4.3.6 Meccanismi molecolari dell’attività delle MMP

Sebbene le MMP possano virtualmente degradare tutto lo spettro di componenti proteici che costituiscono l’ECM, l’attività proteolitica delle MMP è diretta anche nei confronti di altre molecole sia circolanti che presenti sulla superficie cellulare o pericellulare.

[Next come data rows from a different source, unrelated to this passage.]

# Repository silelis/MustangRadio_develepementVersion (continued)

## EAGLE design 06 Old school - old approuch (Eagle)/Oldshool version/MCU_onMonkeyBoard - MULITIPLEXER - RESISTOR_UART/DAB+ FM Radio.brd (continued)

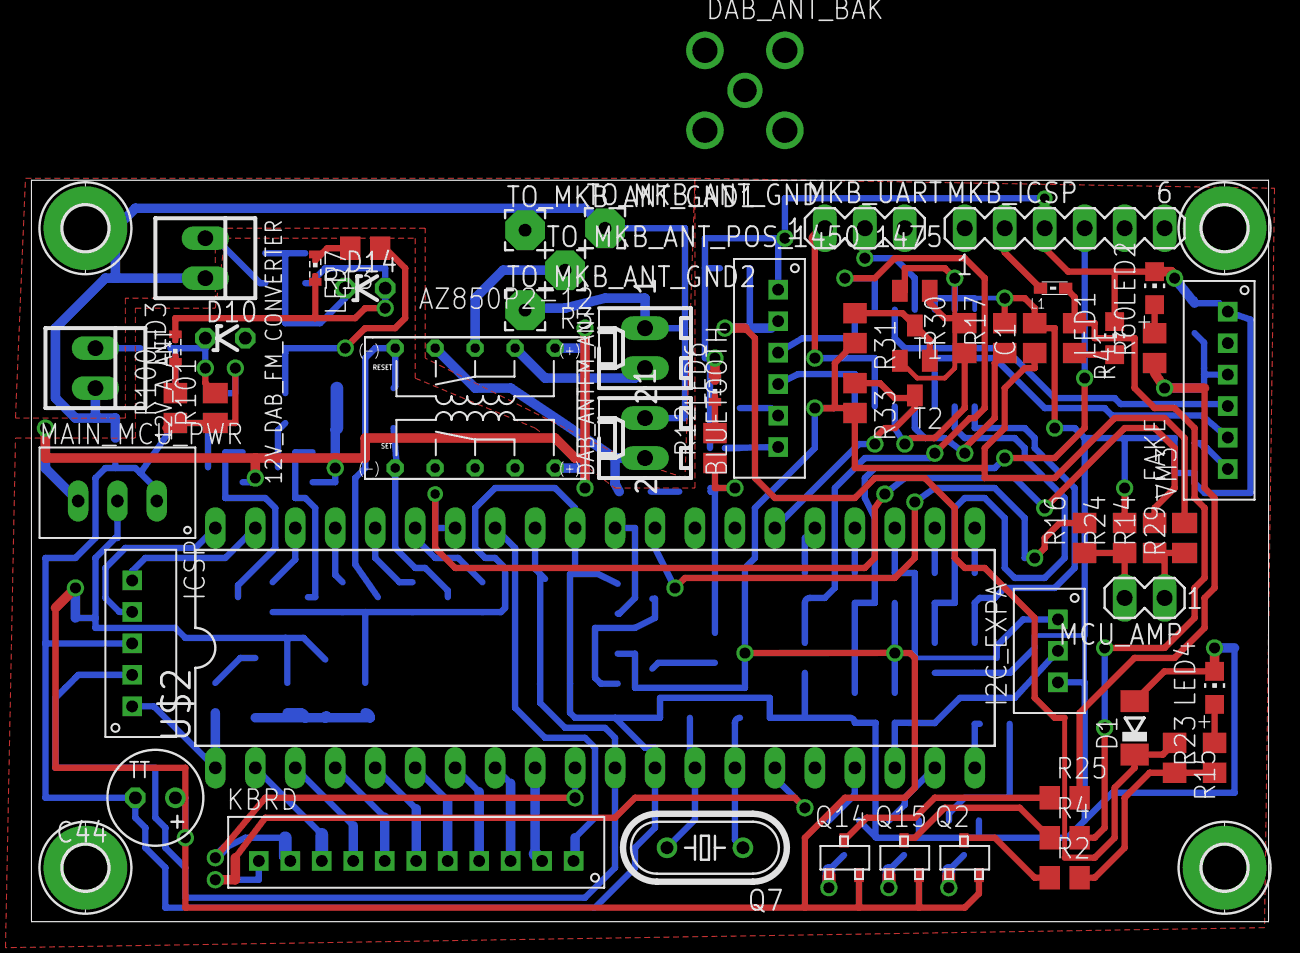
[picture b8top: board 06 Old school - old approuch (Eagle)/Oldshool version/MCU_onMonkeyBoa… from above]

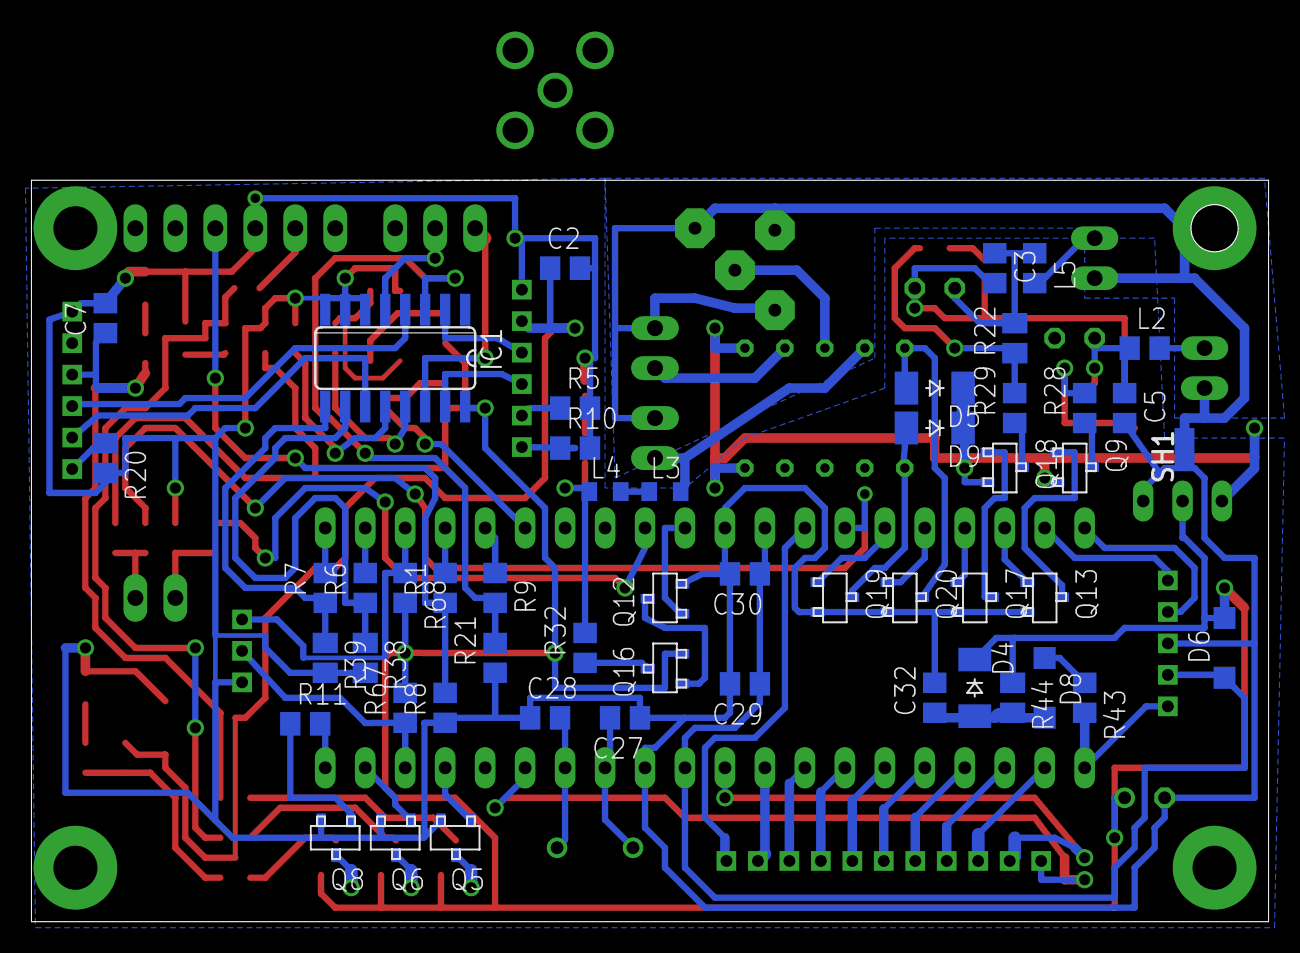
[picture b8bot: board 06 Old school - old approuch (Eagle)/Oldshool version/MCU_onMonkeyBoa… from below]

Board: 2 copper layers, 78.6 x 47.1 mm, 112 parts (51 on the bottom side), 96 nets.

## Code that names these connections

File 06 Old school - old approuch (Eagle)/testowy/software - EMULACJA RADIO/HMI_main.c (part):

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//hardware I2C SLAVE pins - can be changed

//hardware LEDS definition - can be changed
   #define LED1_GREEN   PIN_A0
   #define LED1_RED     PIN_A1   
   #define LED1_BLUE    PIN_A2

   #define LED2_GREEN   PIN_A3
   #define LED2_RED     PIN_A5
   #define LED2_BLUE    PIN_E0
   
   #define LED3_GREEN   PIN_E1
   #define LED3_RED     PIN_E2
   #define LED3_BLUE    PIN_C0
//hardware LEDS definition - can be changed

//Active antena selsctor - can be changed
   #define  IS_FM_ANT_ACTIVE             PIN_B0
   #define  IS_DAB_ANT_ACTIVE            PIN_B1
   #define  IS_FM_DAB_CONVERTER_ACTIVE   PIN_B2
//Active antena selsctor - can be changed

//Steper motor pinout - can be changed
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
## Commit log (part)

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2024-09-08 stm32 esp32 i2c slave
2024-09-12 esp32 i2c slave interrupt - JEST DUŻO DO POPRAWY
2024-09-13 prace nad esp32 i2c receive interrupt - dodano pętlę opóźniającą
2024-09-14 stm32 esp32 prace nad i2c w kopii
2024-09-14 stm32 -fw- commit przed porównaniem plików ioc
2024-09-14 stm32 -fw- HAL_i2c_transmit_dma działa przed wszystkim, potem nie
2024-09-16 stm32 -fw- hal_i2c_master_transmit_DMA buga powoduje xQueueCreate
2024-09-21 stm32 -fw- działa printf jako task, NIE DZIAŁA i2c master transmitt DMA
2024-09-21 stm32 -fw- printfTask wszędzie NIE DZIAŁA i2c master transmit DMA
2024-09-22 prace nad i2c
2024-09-28 esp32 i stm32 -fw- dodano sygnał o zbootowaniu się esp32 i już wiem o co chodzi w i2c_master_transmit_DMA
2024-09-29 stm32 -fw- CRC buf znalexiony - do poprawienia kod (optymalizacja)
2024-09-29 ESP32 bluetooth & HMI -HW- interrupt request pull-down
    Zmieniono R57 - pierwotnie rezystor ten był PULL-UP na linii i2cItterrupt request teraz jest PULL-DOWN
    Zmiana jest po to, aby wykryć start ESp32. Po zboot'owaniu się ESP32 gaje sygnał na tej linii UP
2024-09-30 stm32 -fw- i2c receive z ESP32 działa, sam ESP32 wymaga poprawy stabilności
2024-10-04 stm32 -fw- minor update
2024-10-04 stm32 -fw- działa receive z esp32 po i2c
2024-10-04 ESP32 -fw- poprawiono klawiaturę nie zawiesza się
    zrównałem priorytety taska stepper motora i klawiatury
2024-10-05 esp32 -fw- i2c example adjustment
2024-10-05 ESP32 -fw- działa i2c slave receive callback
2024-10-05 esp32 -fw- dodano opisy funkcji
2024-10-07 ESP32 -fw- coś wiadomo o rx interrupt
2024-10-08 esp32 =fw- I2C0/1 na #define
2024-10-09 esp32 -fw- wpisalem warunke sprawdzania rodzaju przerwania i2c slave
2024-10-11 stm32 -fw- i2c nadawianie tylko teoretycznie
2024-10-13 stm32 / esp32 -fw- dalsze prace nad i2c komunikuje, ale zawiesza
2024-10-13 ESP32 STP32 -fw- komunikacja i2c master transmit działa (SPRAWDZIĆ slave transmit) zrobić porządek
2024-10-14 stm32 -fw- dodano #warning TODO:
2024-10-16 restor Działą klawiatura GOLDEN SAMPLE
2024-10-16 restore point - działą klawiatura GOLDEN SAMPLE2
2024-10-17 stm32 -fw- poprawa w kolejkach i2cQueue4DynamicData - klawiatura działą
2024-10-17 stm32 -fw- poprawa w kolejkach i2cQueue4DynamicData - klawiatura działa GOLDEN BACKUP
2024-10-18 stm32 -fw- czyszczenie kodu KLAWIATURA DZIAŁĄ
2024-10-19 stm32 esp32 -fw- działa albo odbiór albo nadawanie i2c - coś z synchronzacją
2024-10-19 stm32 ESP32-fw- pokombinować z sekwencyjnym przesyłaniem danych
2024-10-20 stm32 -fw- HAL_I2C_Master_Receive_Seq_DMA dodano i klawiatura dziala
    #define ESP32_I2C_Receive_Buffer_LEN UINT8_MAX - dodano
    -do poprawy komunikacja pomiędzy STM32 i ESP32 w jednej ramce za pomocą SEQ
2024-10-20 commom poprawiono size_t /*uint8_t*/ dataSize;
2024-10-22 esp32 -fw- poprawiono metodę esp_err_t i2cEngin_slave::slaveTransmit() - klawiatura działa GOLDEN SAMPLE
    this->interruptRequestSet() jest wyzwalany po zapisaniu bufora nadawczego i2c wszystkimi danymi
2024-10-22 esp32 -fw- update w esp_err_t i2cEngin_slave::slaveTransmit() -klawiatura działa GOLDEN SAMPLE
    this->interruptRequestSet() jest wyzwalany po zapisaniu bufora nadawczego i2c wszystkimi danymi
2024-10-26 GOLDEN SAMPLE - klawiatura działa
2024-10-27 stm32 esp32 -i2c pinpong send-
2024-10-27 transmition true fake
2024-10-27 stm32 (DMA)-> i2c ping -> esp32 - działa
2024-10-27 stm32 (DMA)-> i2c ping -> esp32 - działa BUG FIXED
2024-11-01 i2c ping działa semaphore
2024-11-02 I2C stm32 -> ping ESP32 -> pong -> STM32 - DZIAŁA
2024-11-12 esp32 poprawiono stavleTransmit, ale nie zawiesza się jak nadaje i odbiera
2024-11-16 ESP i STM32 komunikacja po i2c działa NIE DZIAŁA TASK RADIO MENU
2024-11-17 i2c OK GOLDEN SAMPLE
    Zrobić restart jak będzie błąd komunikacji CRC (w STM32) i feed query (w esp32)
2025-04-22 synchronizacja
2025-04-23 punkt przywracania bo zmieniam logike klawiszy
2025-04-24 prace nad klawiaturą
2025-04-26 prace nad klawiatur ą
2025-04-28 trochę dopisane
2025-04-30 działa bindowanie
2025-05-02 dużo poprawione!!!!!
2025-05-03 prace nad obsługą przycisków
2025-05-04 dodano RadioMegaStruct
2025-05-04 wszystkie urządzenia. Trzeba zrobić opisy funkcji i porządek
2025-05-05 praca nad radioMegaStruct
2025-05-07 kilka poprawek
2025-05-08 zmiany w strukturach komunikacji
2025-05-14 praca nad hmiLEDS
2025-05-21 prace nad ledami
2025-05-26 trochę opisów
2025-05-31 praca nad hdmi leds
2025-06-01 transmisja i2c do ESP32 ale zaraz po niej odpowiada głupoty
2025-06-01 i2c transmit from master to esp32 slave znalazłem problem
2025-06-04 prace nad i2c komunikacją
2025-06-08 poprawki związane z backlight
2025-06-08 poprawki w klasie LED
2025-06-09 prace nad kolejką i2cQueue4DynamicData* i2cSlaveReceiveDataToDataParserQueue;
2025-06-12 crc backup point
2025-06-12 CRC - puntk przywracania
    poprawiono błąd w wyliczaniu CRC klawiatury (bylo:
    kbrdDataToI2CSlaveTransmittQueueTemoraryVariable.i2cframeCommandHeader.dataSize = sizeof(keyboardUnion /*keyboardDataToParse*/);
    zamiast poprawnego:
    kbrdDataToI2CSlaveTransmittQueueTemoraryVariable.i2cframeCommandHeader.dataSize = sizeof(i2cFrame_keyboardFrame /*keyboardUnion*/ /*keyboardDataToParse*/);
2025-06-12 komunikacja i2c działa muszę popracować nad - OPIS
    ESP32_SLAVE_RECEIVE_BUFFER_LEN
    i sprawdzić obliczanie CRC
2025-06-13 golden sample przesylanie danych led już działa
2025-06-15 i2c leds komunikacja działa, ale jeszcze sprawdzi c
2025-06-15 GOLDEN SAMPLE - BACKUP
2025-06-16 prace nad stepper motor
2025-06-21 stepper motor poprawnie się porusza - GOLDEN SAMPLE
2025-06-21 dalsze prace nad stepper motor
2025-06-22 funkcje stepper motora zrobione - trzeba przetestowac komunikację i same w sobie funkcje
2025-06-23 poprawiłem wartości w ESP32 resetu emergency i reset to default emergency
2025-07-07 small updte in unions
2025-07-18 stepper motor prace
2025-07-19 stepper komunikaty idą ale kalibracja nie działa
2025-07-22 GOTDLEN BACKUP
2025-07-22 wznawia kalibrację, ale jest gdzieś błąd w disable/enable StepperMotor
2025-07-24 stepper motor - może będzie działac
2025-07-26 stepper - nie działa ponowne wznowienie pracy - np. kalibracji
2025-07-29 robiłem porządki z task functions
2025-07-30 poprawiono taskFunction(s)
2025-09-09 porządek w katalogach firmware
2025-09-20 GURU MEDITATION golden sample
2025-09-20 i2c slave transmitt jesty w tasku, ale dalej jest wdt panic error
2025-09-25 Przed zmianą esp-idf z 5.3.1 na 5.5.1
2025-09-30 nowy GOLDEN SAMPLE powrót do 5.3.1 i w tasku i2c_slave_transmitt
2025-10-01 przejście z VisualGDB na Espressif IDE - ESP-IDF 5.3.1, ale i2c_slave_transmit dalej daje GURU MEDITATION error
2025-10-02 lekkie porządki w howto esp32
2025-10-03 jLink na Espressif IDE dziala
2025-10-03 GDB hardware debugging - skonfigurowane
2025-10-06 GOLDEN BUCKUP przed zmianami w i2c
2025-10-10 errata dot. rezystora R57 i bootowania
2025-10-22 gerbery esp32 jtag hat
2025-10-27 małe poprawki w projekcie HMI
2025-10-29 prace nad uruchomieniem vs code
2025-10-31 kolejne prace nad degubberem w vs code
    - zostło jeszcze otwieranie opengdb przed debuggowaniem i kompilacja programu przed debuggowaniem.
2025-11-01 vs code kolejne prace, ale jak krew w piach
2025-11-02 porządki w repo firmware ESP32 i vs code config final
2025-11-03 Update LICENSE
2025-11-04 dodano ESP32 guru meditation decoder napisany w python i działającey jako task VS CODE
2025-11-05 VS CODE działa - 5.5.1 - GOLDEN SAMPLE przed porządkami
    Dla ESP32:
    - działa VS CODE i2c slave
    - porządki w i2c engine - podzielono na master i slave
2025-11-05 ESP32 - porządek w firmware (tylko VS CODE) i na PCB )dodano złącza ESP PROG)
2025-11-06 Dodano .gitignore - ignorowanie katalogów build
2025-11-06 poprawka błędów gptimer i i2c master - GOLDEN SAMPLE
2025-11-07 backup przed zmianą main.cpp na main.c
2025-11-08 STM32 RadioMain firmware ported to exter "c" - mani.c
2025-11-12 GOLDEN SAMPLE - I2C DMA SEQUENCE restore
2025-11-12 STM32 to ESP32 I2C DMA in sequence NIE DZIAŁA!!! Idź dalej.
2025-11-13 poprawki w keyboardToFunction.h
2025-11-15 prace nas klasą ESP32_a2dp sink
2025-11-17 prace nad bt - moje callbacki nie działają
2025-11-21 vs code json nowe
2025-11-21 prace nat esp32 bt sink
2025-11-22 dalsze prace nad BT
2025-11-22 poprawka
2025-11-22 GOLDEN SAMPLE - przed złączeniem kodu ESP32
2025-11-22 ESP32 a2dp działa - GOLDEN BACKUP
2025-11-23 prace nad bluetooth
2025-11-23 bt audio - po przebojach, ale chyba dobrze
2025-11-30 powinno działać
    - poprawki w nazwach
    - w pętlach while(1){} dodano vTaskDelat(PortmaxDelay); - aby oszczędzać procesowr.
2025-12-01 prace bierzące
2025-12-02 golden sample??
2025-12-02 ledy poprawione i działają
2025-12-03 ESP32 wykasowałem funkcję ping
2025-12-05 GOLDEN BACKUP - przed poprawą przerwania klawiatury
2025-12-05 taki backup, że po dodaniu DRAM_INT działa program, ale błąd występuje
2025-12-09 nie wiem czy to zadziała jest zbuggowana syncgronizacja wysyłania i2c ESP32
2025-12-11 orca slicer config
2025-12-12 taki backup, że po dodaniu DRAM_INT działa program, ale błąd występuje - POWRÓT DO WERSJI
2025-12-13 OrcaSlicer - poprawki
2025-12-16 prace nad sterownikiem i2c V2
2025-12-19 I2C slave v2 - szkic zaczyna działać.
2025-12-30 prace nad poprawką esp32 i2c slave do v2
2026-01-10 Do poprwy jest schemat rotary encodera
2026-02-09 visualGDB działa
2026-02-09 dodano sesje cLion
2026-02-16 dodano opis obsługi jtag w Espressif ide
2026-02-17 ostateczna konfiguracja Espressif IDE openOCD
2026-03-14 dodano ERRATY
2026-03-22 nowa wersja vscode dla esp idf nieprzetestowana
2026-03-26 poprawki w VSCode zrobione przez Clode
2026-03-26 teraz działa
2026-03-28 backup dla błedów cLAUDE cODE
2026-03-29 GOLDEN SAPMLE - powrót do esp-idf5.2 GURU FIXY do wdrożenia i :: zasięg zmiennej lokalnej/globalnej
    -
2026-03-29 Claude code poprawił #ifdefr dla esp-idf >5.2, bo byłyu błedy kompilacji
2026-03-29 poprawka w ESP32-A2dP, bo w ESp-iDF 5.2 nie ma I2S_MCLK_MULTIPLE_192:
2026-03-29 poprawki vs code jason dla esp-idf 5.2 - program nie działa. Trzeba wykasować wszystko co związane z STEPPER motor i2C MAster i MPC (MPS może do stm32 podłaczyć).
2026-03-30 GOLDEN SAMPLE HARDWARE - poprawa bardzo waznej erraty, ktora zabija SMT32!!!!!
2026-03-30 ESP-IDF5.2 GOLDEN SAMPLE
    Są dwie możliwości naprawy (błedu z klawiaturą i i2c):
    1) W ESP-IDF 5.2 - i2c musi transmitować daną dotyczącą wielkości danych a potem przerwanie GPIO i same dane
    2) Migracja do ESP-IDF 5.5.1 i tam stm32 może korzystać z odczytu sekwencyjnego
    3) Nie testowałem czy w esp-idf 5.2 sa się czytać sekwencyjnie. Claude code mowi, ż enei.
2026-04-11 BUCKUP przed poprawkami robionymi przez AI
2026-04-12 CLAUDE poprawki i2c sequence - NIE SPRAWDZONE!!! !!! !!!

Da ciò deriva che le MMP, oltre ad essere coinvolte nei processi di rimodellamento della matrice sia fisiologici che patologici, risultano in grado di influenzare il comportamento cellulare attraverso numerosi meccanismi.

Rimodellamento della ECM

La degradazione della ECM, operata dalle MMP in concerto con altri gruppi di molecole proteolitiche quali principalmente le serin-proteasi, è un processo che permette, distruggendo fisicamente le barriere strutturali, l’invasione cellulare dei tessuti circostanti. Tuttavia la ECM non deve essere considerata solo come una semplice impalcatura, perché la sua degradazione può fortemente influenzare il comportamento cellulare in conseguenza della liberazione numerose molecole bioattive che normalmente sono sequestrate nella ECM stessa. Queste molecole sono molto numerose e possiedono funzioni tra loro molto differenti: fattori di crescita, proteine che legano i fattori di crescita e molecole che rappresentano i ligandi per recettori cellulari di adesione (ad es. per le integrine). Di conseguenza, la ECM risulta implicata nella regolazione di numerosi processi cellulari quali la forma, il movimento, la crescita, la differenziazione e la sopravvivenza. Per estensione, tutti questi processi possono essere alterati dall’azione delle MMP, che modificando la normale composizione e organizzazione della ECM, influenzano tutti i segnali derivati dalla matrice. Ad esempio, per dimostrare come l’attività delle MMP possa influenzare il comportamento cellulare, la degradazione MMP-dipendente delle fibrille native di collagene determina l’esposizione di siti altrimenti criptati che possono essere legati da integrine di cellule neoplastiche di melanoma, consentendone la sopravvivenza e la crescita.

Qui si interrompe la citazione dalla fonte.